Hmmmm, hows that education system in Alabama going there P-38... Not too many retards huh???


----------



## plan_D (Oct 25, 2005)

The M-16 and AK-47 use springs ...if you're seriously refering to how the gun fires - you'll never be taken seriously ...ever again. 

And even before I was into guns, I knew how they worked. Because it's pretty obvious what is happening inside when there's a big flash and a big bang ...it's obviously not a spring - it's a freakin' explosion!

It's the same that a lot of people don't know how a jet engine works ...

The intellectual elite seem to moving further and further away from the general public these days - it's a shame I'm part of the general public.  

It's like when I told a friend that humans can now make their own blood (which we can) ...he was like, "So?" - I could tell him humans could cure every disease on the planet and he wouldn't be impressed. Problem is ...he's not stupid compared to most of them around here!


----------



## 102first_hussars (Oct 25, 2005)

schwarzpanzer said:


> 102first_hussars said:
> 
> 
> > if it was made in britain the chances of me finding here are very slim,
> ...








EM2?






(http://world.guns.ru)[/quote]

No I figured they got the Idea from the weapon they used in the movie Aliens.
Whats the EM2?


----------



## Jabberwocky (Oct 25, 2005)

The EM-2 is the Enfield Experimental Model 2, .280 Bullpup Automatic Rifle.

At the end of WW2 the British realised that a) bolt action and semi auto rifles were obsolete and, b) sub-machine guns were inadequate for anything apart from short range combat.

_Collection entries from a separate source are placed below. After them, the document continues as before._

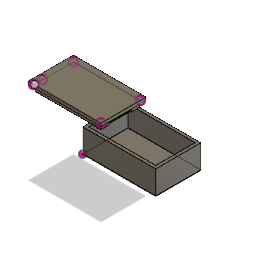
RombaIrBox (Autodesk Fusion 360 design; units mm, degrees)
Autodesk Fusion 360 part; units mm, degrees
note: some values were not read from the file. Set by a fixed rule: which sketch regions a step uses.
sketch "Base" plane through (0, 0, 0) normal (0, 1, 0) x (1, 0, 0) in component "Top"
  line L0 (0, 0) -> (37, 0)
  line L1 (37, 0) -> (37, 23)
  line L2 (37, 23) -> (0, 23)
  line L3 (0, 23) -> (0, 0)
  dimension "d6" = 37
  dimension "d7" = 23
  constraint horizontal L0
  constraint vertical L1
  constraint horizontal L2
  constraint vertical L3
  constraint coincident L0.start L3.end
  measures "d6" distance of L0.start L0.end
  measures "d7" distance of L0.start L2.end
extrude "Extrude1" add sketch "Base" along normal blind 12 makes body 1 in component "Top"
shell "Shell1" thickness 1.5 removed faces 1 at (12.3333, 12, -15.3333) on bodies 1 in component "Top"
sketch "Knob" plane through (1.5, 0, 0) normal (1, 0, 0) x (0, 0, -1) in component "Top"
  line L0 (21.5, 12) -> (1.5, 12)
  line L1 (1.5, 1.5) -> (21.5, 1.5)
  line L2 (5.75, 12) -> (17.25, 12)
  line L3 (17.25, 12) -> (17.25, 9)
  line L4 (17.25, 9) -> (5.75, 9)
  line L5 (5.75, 9) -> (5.75, 12)
  line L6 (11.5, 12) -> (11.5, 9) construction
  line L7 (21.5, 1.5) -> (21.5, 12)
  line L8 (1.5, 12) -> (1.5, 1.5)
  dimension "d12" = 11.5
  dimension "d13" = 3
  constraint horizontal L2
  constraint vertical L3
  constraint horizontal L4
  constraint vertical L5
  constraint coincident L0 L2.start
  constraint midpoint L0 L6.start
  constraint midpoint L4 L6.end
  constraint vertical L6
  measures "d12" distance of L3.end L4.end
  measures "d13" distance of L2.end L3.end
extrude "Extrude2" add sketch "Knob" along normal blind 3 draft -45 contours L0 L2 L3 L4 L5 bodies 1 in component "Top"
ref_plane "WorkPlane2" through (18.5, 6, -11.5) normal (-1, 0, 0) x (0, 0, 1) in component "Top"
mirror "Mirror1" about plane through (18.5, 6, -11.5) normal (-1, 0, 0) of "Extrude2" in component "Top"
sketch "Top" plane through (0, 12, 0) normal (0, 1, 0) x (-1, 0, 0) in component "Base"
  line L0 (-37, 0) -> (-37, -23)
  line L1 (-37, -23) -> (0, -23)
  line L2 (0, -23) -> (0, 0)
  line L3 (0, 0) -> (-37, 0)
  line L4 (-35.5, -5.75) -> (-35.5, -1.5)
  line L5 (-35.5, -1.5) -> (-1.5, -1.5)
  line L6 (-1.5, -1.5) -> (-1.5, -5.75)
  line L7 (-1.5, -5.75) -> (-1.5, -17.25)
  line L8 (-1.5, -17.25) -> (-1.5, -21.5)
  line L9 (-1.5, -21.5) -> (-35.5, -21.5)
  line L10 (-35.5, -17.25) -> (-35.5, -5.75)
  line L11 (-35.5, -21.5) -> (-35.5, -17.25)
extrude "Extrude1'" add sketch "Top" along normal blind 1.5 separate body contours L0 L1 L2 L3 | L4 L5 L6 L7 L8 L9 L10 L11 makes body 2 in component "Base"
sketch "Lip" plane through (0, 12, 0) normal (0, -1, 0) x (1, 0, 0) in component "Base"
  line L0 (37, 0) -> (0, 0)
  line L1 (0, 0) -> (0, -23)
  line L2 (0, -23) -> (37, -23)
  line L3 (37, -23) -> (37, 0)
  line L4 (35.3, -21.3) -> (35.3, -1.7)
  line L5 (35.3, -1.7) -> (1.7, -1.7)
  line L6 (1.7, -1.6987) -> (1.7, -21.3)
  line L7 (1.7, -21.3) -> (35.3, -21.3)
  line L8 (35.5, -1.5) -> (1.5, -1.5)
  line L9 (1.5, -1.5) -> (1.5, -5.75)
  line L10 (35.5, -21.5) -> (1.5, -21.5)
  constraint parallel L3 L4
  constraint parallel L0 L5
  constraint parallel L1 L6
  constraint parallel L2 L7
extrude "Extrude2'" add sketch "Lip" along normal blind 3 contours L4 L5 L6 L7 bodies 2 in component "Base"
extrude "Extrude3" cut sketch "Knob" along normal blind 3 draft -45 from surface at 0.2 contours L0 L2 L3 L4 L5 bodies 2 in component "Base"
mirror "Mirror1'" about plane through (18.5, 6, -11.5) normal (-1, 0, 0) of "Extrude3" in component "Base"
shell "Shell1'" thickness 1.5 removed faces 1 at (12.9, 9, -9.5833) on bodies 2 in component "Base"
chamfer "Chamfer1" distance 0.6 angle 45 2 edges at (1.7, 9, -11.5) (35.3, 9, -11.5) on bodies 2 in component "Base"
sketch "Sketch6" plane through (0, 25.0225, 0) normal (0, -1, 0) x (1, 0, 0)
  line L0 (24.5355, 19.009) -> (25.1355, 19.609)
  line L1 (25.1355, 19.609) -> (25.1355, 23.659)
  line L2 (25.1355, 23.659) -> (-8.4645, 23.659)
  line L3 (-8.4645, 23.659) -> (-8.4645, 19.609)
  line L4 (-8.4645, 19.609) -> (-7.8645, 19.009)
  line L5 (-7.8645, 19.009) -> (-7.8645, 8.709)
  line L6 (-7.8645, 8.709) -> (-8.4645, 8.109)
  line L7 (-8.4645, 8.109) -> (-8.4645, 4.059)
  line L8 (-8.4645, 4.059) -> (25.1355, 4.059)
  line L9 (25.1355, 8.109) -> (24.5355, 8.709)
  line L10 (24.5355, 8.709) -> (24.5355, 19.009)
  line L11 (23.6355, 5.559) -> (-6.9645, 5.559)
  line L12 (-6.9645, 5.559) -> (-6.9645, 7.4877)
  line L13 (-6.9645, 7.4877) -> (-6.3432, 8.109)
  line L14 (-6.3432, 8.109) -> (-6.3432, 19.609)
  line L15 (-6.3432, 19.609) -> (-6.9645, 20.2303)
  line L16 (-6.9645, 20.2303) -> (-6.9645, 22.159)
  line L17 (-6.9645, 22.159) -> (23.6355, 22.159)
  line L18 (23.6355, 22.159) -> (23.6355, 20.2303)
  line L19 (23.6355, 20.2303) -> (23.0142, 19.609)
  line L20 (23.0142, 19.609) -> (23.0142, 8.109)
  line L21 (23.0142, 8.109) -> (23.6355, 7.4877)
  line L22 (23.6355, 7.4877) -> (23.6355, 5.559)
  line L23 (-1.4645, 5.559) -> (18.1355, 5.559)
  line L24 (18.1355, 5.559) -> (18.1355, 4.059)
  line L25 (18.1355, 4.059) -> (-1.4645, 4.059)
  line L26 (-1.4645, 4.059) -> (-1.4645, 5.559)
  line L27 (-8.4645, 23.6603) -> (-8.4645, 4.059)
  line L28 (25.1355, 4.059) -> (25.1355, 23.659)
  line L29 (25.1355, 4.059) -> (25.1355, 8.109)
  dimension "d58" = 7
  constraint horizontal L23
  constraint vertical L24
  constraint horizontal L25
  constraint vertical L26
  constraint coincident L8 L24.end
  constraint coincident L11 L23.start
  measures "d58" distance of L24 L28
extrude "Extrude6" cut sketch "Sketch6" against normal blind 3 contours L8 L11 L23 L24 L25 L26 sketch seen with x (1, 0, 0) y (0, 1, 0) z (0, 0, 1) at (10.1645, -16.0225, -25.359) bodies 2 in component "Base"
component "Enclosure" placed x (1, 0, 0) y (0, 1, 0) z (0, 0, 1) at (0, 0, 0)
component "Top" placed x (1, 0, 0) y (0, 1, 0) z (0, 0, 1) at (-7.7688, -14.0093, 0) in component "Enclosure"
component "Base" placed x (1, 0, 0) y (0, 1, 0) z (0, 0, 1) at (-10.1645, 16.0225, 25.359) in component "Enclosure"
equation "Width = 23 mm"
equation "length = 37 mm"
equation "heigth = 12 mm"
equation "shell = 1.5 mm"
equation "gap = 0.2 mm"
equation "d6 = length"
equation "d7 = Width"
equation "d8 = heigth"
equation "d11 = shell"
equation "d12 = Width / 2"
equation "d13 = shell * 2"
equation "d17 = shell"
equation "d20 = shell * 2"
equation "d23 = shell * 2"
equation "d26 = shell"
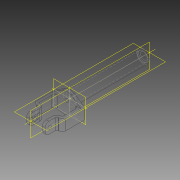
# Autodesk Inventor part: Fork_Example
Saved by Autodesk Inventor 2015 (Build 190159000, 159)
## iProperties
Created: 2015-01-16
Part Number: Fork_Example
Material: Generic
Document SubType Name: Modeling
Designer: admin
Density: 1 g/cm^3
Appearance: Default
Author: admin
Autodesk Inventor part; units mm, degrees
sketch "Sketch1" plane through (0, 0, 0) normal (0, 1, 0) x (-1, 0, 0)
  line L0 (19.6, 0) -> (-19.6, 0) projected
  line L1 (0, -19.6) -> (0, 19.6) projected
  circle A0 centre (0, 0) radius 14
  dimension "d0" = 28
  constraints: 1 centre point, 1 coincident
  measures "d0" diameter of A0
extrude "Extrusion1" add sketch "Sketch1" along normal blind 165
chamfer "Chamfer1" distance 2 angle 45 1 edges at (14, 165, 0)
shell "Shell1" thickness 3 removed faces 1 at (-2.994, 165, 1.0653)
sketch "Sketch2" plane through (0, 0, 0) normal (0, -1, 0) x (1, 0, 0)
  circle A0 centre (0, 0) radius 14 projected
  circle A1 centre (0, 0) radius 11 projected
  arc A2 (9.9692, 14.9871) -> (-9.9692, 14.9871) centre (0, 0) ccw
  line L0 (0, 0) -> (32.5, 0)
  line L1 (32.5, 0) -> (32.5, -25)
  line L2 (32.5, 0) -> (9.9692, 14.9871)
  line L3 (32.5, -25) -> (0, -30)
  line L4 (0, 0) -> (0, -51.2794) construction
  line L5 (-32.5, 0) -> (-32.5, -25)
  line L6 (-32.5, 0) -> (-9.9692, 14.9871)
  line L7 (-32.5, -25) -> (0, -30)
  dimension "d7" = 36
  dimension "d8" = 32.5
  dimension "d9" = 25
  dimension "d10" = 30
  dimension "d11" = 32.5
  constraints: 16 end point, 3 symmetric about line, 2 point on circle, 1 centre point, 1 coincident, 1 horizontal, 1 horizontal alignment, 1 perpendicular, 1 tangent, 1 vertical
  measures "d7" diameter of A2
  measures "d8" distance of L0.start L0.end
  measures "d9" distance of L0.end L1.end
  measures "d10" distance of L3.end A0.centre
  measures "d11" horizontal distance of L1.end L3.end
extrude "Extrusion2" add sketch "Sketch2" along normal blind 7 contours A0 | A1 | L2 L1 L3 L7 L5 L6 A2
ref_plane "Work Plane1" through (0, 0, -14) normal (0, 0, 1) x (1, 0, 0)
sketch "Sketch3" plane through (0, -7, 0) normal (0, -1, 0) x (1, 0, 0)
  line L0 (32.5, -25) -> (32.5, 0) projected
  line L1 (32.5, 0) -> (9.9692, 14.9871) projected
  arc A0 (9.9692, 14.9871) -> (-9.9692, 14.9871) centre (0, 0) ccw projected
  line L2 (-9.9692, 14.9871) -> (-32.5, 0) projected
  line L3 (-32.5, 0) -> (-32.5, -25) projected
  line L4 (-32.5, -25) -> (0, -30) projected
  line L5 (0, -30) -> (32.5, -25) projected
  line L6 (32.5, 0) -> (26.5, 0)
  line L7 (26.5, 0) -> (26.5, -25)
  line L8 (26.5, -25) -> (32.5, -25)
  line L9 (32.5, -25) -> (32.5, 0)
  dimension "d14" = 6
  constraints: 8 end point, 2 parallel, 1 horizontal, 1 perpendicular
  measures "d14" distance of L7.end L8.end
sketch "Sketch4" plane through (0, 0, -14) normal (0, 0, 1) x (1, 0, 0)
  line L0 (32.5, 0) -> (32.5, -7) projected
  line L1 (32.5, -7) -> (32.5, -41.5)
  line L2 (25, -49) -> (24, -49)
  line L3 (20.5, -52.5) -> (20.5, -75)
  arc A0 (25, -49) -> (32.5, -41.5) centre (25, -41.5) ccw
  arc A1 (24, -49) -> (20.5, -52.5) centre (24, -52.5) ccw
  point P0 (0, 0)
  point P1 (32.5, -49)
  point P2 (20.5, -49)
  dimension "d16" = 42
  dimension "d17" = 12
  dimension "d18" = 26
  dimension "d19" = 7.5
  dimension "d20" = 3.5
  constraints: 6 end point, 4 point on circle, 4 point on line, 4 tangent, 2 centre point, 2 vertical, 1 horizontal
  measures "d16" distance of L0.end point (32.5, -49)
  measures "d17" distance of point (32.5, -49) point (20.5, -49)
  measures "d18" distance of point (20.5, -49) L3.end
  measures "d19" radius of A0
  measures "d20" radius of A1
sweep "Sweep1" add profiles "Sketch3" path "Sketch4" contours L8 L7 L6 L0
fillet "Fillet1" radius 6 1 edges at (26.5, -7, -12.5)
fillet "Fillet2" radius 8 2 edges at (17.5, -75, -25) (17.5, -75, 0)
ref_plane "Work Plane2" through (12, -52.5, -25) normal (-1, 0, 0) x (0, 0, 1)
sketch "Sketch5" plane through (12, -52.5, -25) normal (-1, 0, 0) x (0, 0, 1)
  arc A0 (17, -22.5) -> (25, -14.5) centre (17, -14.5) ccw projected
  line L0 (25, 0) -> (25, -14.5) projected
  line L1 (25, 0) -> (0, 0) projected
  line L2 (0, 0) -> (0, -14.5) projected
  arc A1 (0, -14.5) -> (8, -22.5) centre (8, -14.5) ccw projected
  line L3 (17, -22.5) -> (8, -22.5) projected
  circle A2 centre (12.5, -12.5) radius 4
  line L4 (7.5, -7.5) -> (17.5, -7.5)
  line L5 (17.5, -7.5) -> (17.5, -17.5)
  line L6 (17.5, -17.5) -> (7.5, -17.5)
  line L7 (7.5, -17.5) -> (7.5, -7.5)
  point P0 (25, 52.5)
  point P1 (17.5, -12.5)
  point P2 (12.5, -22.5)
  point P3 (12.5, -17.5)
  dimension "d26" = 8
  dimension "d27" = 10
  dimension "d28" = 10
  dimension "d29" = 10
  constraints: 8 end point, 3 midpoint, 2 parallel, 2 vertical alignment, 1 centre point, 1 horizontal, 1 horizontal alignment, 1 perpendicular
  measures "d26" diameter of A2
  measures "d27" distance from line of L3 A2.centre
  measures "d28" distance of L4.end L5.end
  measures "d29" distance of L4.start L4.end
sketch "Sketch6" plane through (14.5, -52.5, -25) normal (-1, 0, 0) x (0, 0, 1)
  arc A0 (17, -22.5) -> (25, -14.5) centre (17, -14.5) ccw projected
  line L0 (8, -22.5) -> (17, -22.5) projected
  arc A1 (0, -14.5) -> (8, -22.5) centre (8, -14.5) ccw projected
  line L1 (0, 0) -> (0, -14.5) projected
  line L2 (0, 0) -> (25, 0) projected
  line L3 (25, 0) -> (25, -14.5) projected
  line L4 (7.5, -0.5) -> (17.5, -0.5)
  line L5 (17.5, -0.5) -> (17.5, -20.5)
  line L6 (17.5, -20.5) -> (7.5, -20.5)
  line L7 (7.5, -20.5) -> (7.5, -0.5)
  point P0 (25, 52.5)
  point P1 (12.5, -20.5)
  point P2 (12.5, -22.5)
  dimension "d30" = 10
  dimension "d31" = 20
  dimension "d32" = 2
  constraints: 8 end point, 2 midpoint, 2 parallel, 1 horizontal, 1 perpendicular, 1 vertical alignment
  measures "d30" distance of L4.start L4.end
  measures "d31" distance of L4.end L5.end
  measures "d32" distance of point (12.5, -22.5) point (12.5, -20.5)
loft "Loft1" add profiles "Sketch6", "Sketch5" contours L4 L5 L6 L7 / A2 | L4 L5 L6 L7
extrude "Extrusion3" cut sketch "Sketch5" against normal up to next contours A2
mirror "Mirror1" about plane through (0, 0, 0) normal (1, 0, 0) of "Fillet2", "Sweep1", "Loft1", "Extrusion3", "Fillet1"
sketch "Sketch7" plane through (0, -7, 0) normal (0, -1, 0) x (1, 0, 0)
  line L0 (-20.5, -25) -> (-32.5, -25) projected
  line L1 (-32.5, -25) -> (0, -30) projected
  line L2 (0, -30) -> (32.5, -25) projected
  line L3 (32.5, -25) -> (20.5, -25) projected
  line L4 (20.5, 0) -> (20.5, -25) projected
  line L5 (20.5, 0) -> (32.5, 0) projected
  line L6 (32.5, 0) -> (9.9692, 14.9871) projected
  arc A0 (9.9692, 14.9871) -> (-9.9692, 14.9871) centre (0, 0) ccw projected
  line L7 (-9.9692, 14.9871) -> (-32.5, 0) projected
  line L8 (-32.5, 0) -> (-20.5, 0) projected
  line L9 (-20.5, -25) -> (-20.5, 0) projected
hole "Hole1" at (0, -7, 0) direction (0, 1, 0) diameter 8 end through all
chamfer "Chamfer2" distance 2 angle 45 2 edges at (16.25, 0, -27.5) (-32.5, 0, -12.5)
body "Solid1"

So the went and built a gun that was shorter than the SMLE No 4, had a selective rate of fire and fired a very powerful .280 (7x43mm) round, which was much better than that fired by the Sten gun. Unfortunately, even though it was officially adopted at some point in the 50s (1952???) as the "R,A .280 No 9 mk 1" (Rifle, Automatic, calibre .280, Number 9 mark 1) it never saw service because the UK thought that interoperability with the new NATO standard 7.62x51mm round was more important. Eventually, the went for the L1 (FN FAL), which was an excellent weapon, but probably not as versatile as the EM-2.


----------



## P38 Pilot (Oct 25, 2005)

Cartmann kicks ass! Awesome sig 102hussar!



> Hmmmm, hows that education system in Alabama going there P-38... Not too many retards huh???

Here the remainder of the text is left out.